# Surround Speaker Placement in a Difficult Room



## Philm63 (Jan 1, 2015)

Diffucult in terms of layout for a living room HT, but it's what I've got to work with until I do the build in my basement (unfinished, sky is the limit, and all that...)

My situation is a 5.1 setup - fronts (LCR) don't seem to be a problem regarding placement, I think I've got that part figured out. It's the surrounds that are giving me grief. First of all, My Denon AVR-X2000 will allow 7.1 but I am only using the "Surround Left and Right (SLR)" taps, and the "Surround Back Left and Right (SBLR)" taps are currently not used. The speakers connected to these taps have always been a pair of bookshelves on stands behind my couch at maybe around 120 degrees from the MLP. This is just how I'd always done it, and it probably goes back to when I had only a 5.1 system.

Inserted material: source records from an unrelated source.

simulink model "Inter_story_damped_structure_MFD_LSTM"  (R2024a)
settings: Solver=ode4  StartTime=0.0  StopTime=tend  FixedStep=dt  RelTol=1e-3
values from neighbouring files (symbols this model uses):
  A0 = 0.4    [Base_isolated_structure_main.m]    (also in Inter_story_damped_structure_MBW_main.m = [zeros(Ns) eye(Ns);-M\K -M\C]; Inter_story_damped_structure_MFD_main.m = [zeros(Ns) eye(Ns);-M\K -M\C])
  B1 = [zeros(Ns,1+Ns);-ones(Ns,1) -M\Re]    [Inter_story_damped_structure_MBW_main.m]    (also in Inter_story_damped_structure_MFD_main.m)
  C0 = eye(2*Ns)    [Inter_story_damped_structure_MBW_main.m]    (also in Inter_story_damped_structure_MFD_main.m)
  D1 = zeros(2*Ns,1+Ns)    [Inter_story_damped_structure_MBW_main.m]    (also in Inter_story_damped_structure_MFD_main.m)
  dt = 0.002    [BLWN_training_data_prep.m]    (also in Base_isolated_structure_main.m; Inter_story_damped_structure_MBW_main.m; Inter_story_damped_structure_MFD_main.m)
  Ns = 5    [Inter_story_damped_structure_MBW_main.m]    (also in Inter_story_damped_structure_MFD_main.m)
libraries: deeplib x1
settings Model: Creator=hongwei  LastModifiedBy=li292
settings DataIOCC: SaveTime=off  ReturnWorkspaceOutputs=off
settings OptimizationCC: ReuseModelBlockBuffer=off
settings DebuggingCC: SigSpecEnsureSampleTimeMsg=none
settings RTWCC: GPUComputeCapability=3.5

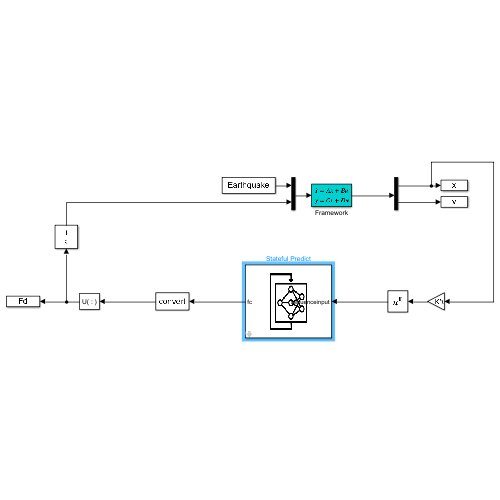
[thumbnail: Simulink's stored preview of the top-level diagram]
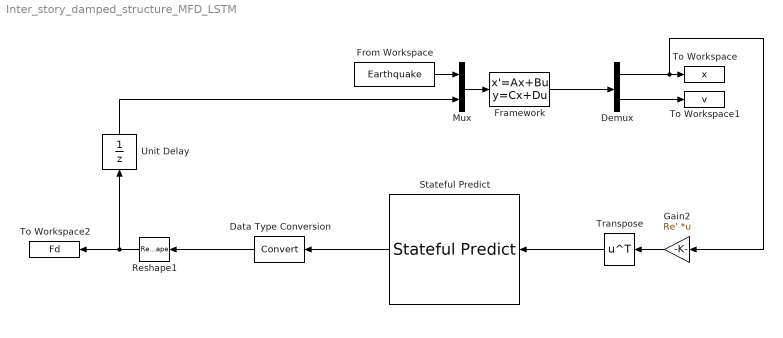
== system Inter_story_damped_structure_MFD_LSTM ==
  Data Type Conversion : DataTypeConversion  SaturateOnIntegerOverflow=off  RndMeth=Floor
  Demux : Demux  Outputs=2
  Framework : StateSpace  A=A0  B=B1  C=C0  D=D1  InitialCondition=zeros(2*Ns,1)
  From Workspace : FromWorkspace  VariableName=Earthquake  SampleTime=dt
  Gain2 : Gain  Gain=Re'  Multiplication=Matrix(K*u)
  Mux : Mux  Inputs=2
  Reshape1 : Reshape
  Stateful Predict : deeplib/Stateful Predict  Network=Network from MAT-file  NetworkFunction=untitled  NetworkFilePath=MFD_Simulink.mat  InputDataFormats={ 'sequenceinput', 'TBC' }  SampleTime=dt  ForceInterpretedSim=off  EnableDLNetwork=on  LastKnownNetworkFilePath=''  LastKnownNetworkTimeStamp=''
  To Workspace : ToWorkspace  VariableName=x  SampleTime=-1
  To Workspace1 : ToWorkspace  VariableName=v  SampleTime=-1
  To Workspace2 : ToWorkspace  VariableName=Fd  SampleTime=-1
  Transpose : Math  Operator=transpose
  Unit Delay : UnitDelay  InitialCondition=zeros(5,1)  SampleTime=-1  HasFrameUpgradeWarning=on
  wires:
  Framework/1 -> Demux/1
  Demux/1 -> To Workspace/1, Gain2/1
  Demux/2 -> To Workspace1/1
  Mux/1 -> Framework/1
  From Workspace/1 -> Mux/1
  Transpose/1 -> Stateful Predict/1
  Stateful Predict/1 -> Data Type Conversion/1
  Data Type Conversion/1 -> Reshape1/1
  Gain2/1 -> Transpose/1
  Reshape1/1 -> Unit Delay/1, To Workspace2/1
  Unit Delay/1 -> Mux/2

Why I tap only the SLR and not the SBLR I have no idea, but I think I remember setting it up that way a couple of AVRs ago because perhaps on that particular AVR, the rear surround channels were not outputting to the speaker but the LR surrounds were - not sure if it was a setting issue but back then, my knowledge base was very limited. I suppose my current connection scheme is based on habit. I can hear surround effects pretty well so they seem to be working. But is it correct, or the best it can be?

Brings up sort of a multifaceted question; if I am going to run only 5.1 out of my 7.1-capable AVR, can I use either set of surround taps, or is one preferred over another in this case? Another facet of this question is; seeing as I am only going to use one set of surrounds, independent of which taps I choose, can I leave them placed approximately 120 or so degrees from the MLP? And yet another facet is the height - currently on stands which places the tweeters just about 6" above ear height. I'm looking to wall-mount the new ones that just arrived (Def Tec ProMonitor 800's) and this height will no longer be an option (baby's on the way - gotta get the surrounds off the floor...) 

My options for wall-mounting the surrounds are limited by the available space for one of the two speakers - the Left Surround, and I'd like to keep them equal height and equal distances from the MLP - I can do this but again, it will be based on the limitations of that one speaker. That one needs to fit on one small strip of wall between a door and the dining room bay window. This one small strip of wall, about 12" wide, will work well, but it also means that it will need to be up high to avoid contact when going in and out of that door. 7' up or so should do it.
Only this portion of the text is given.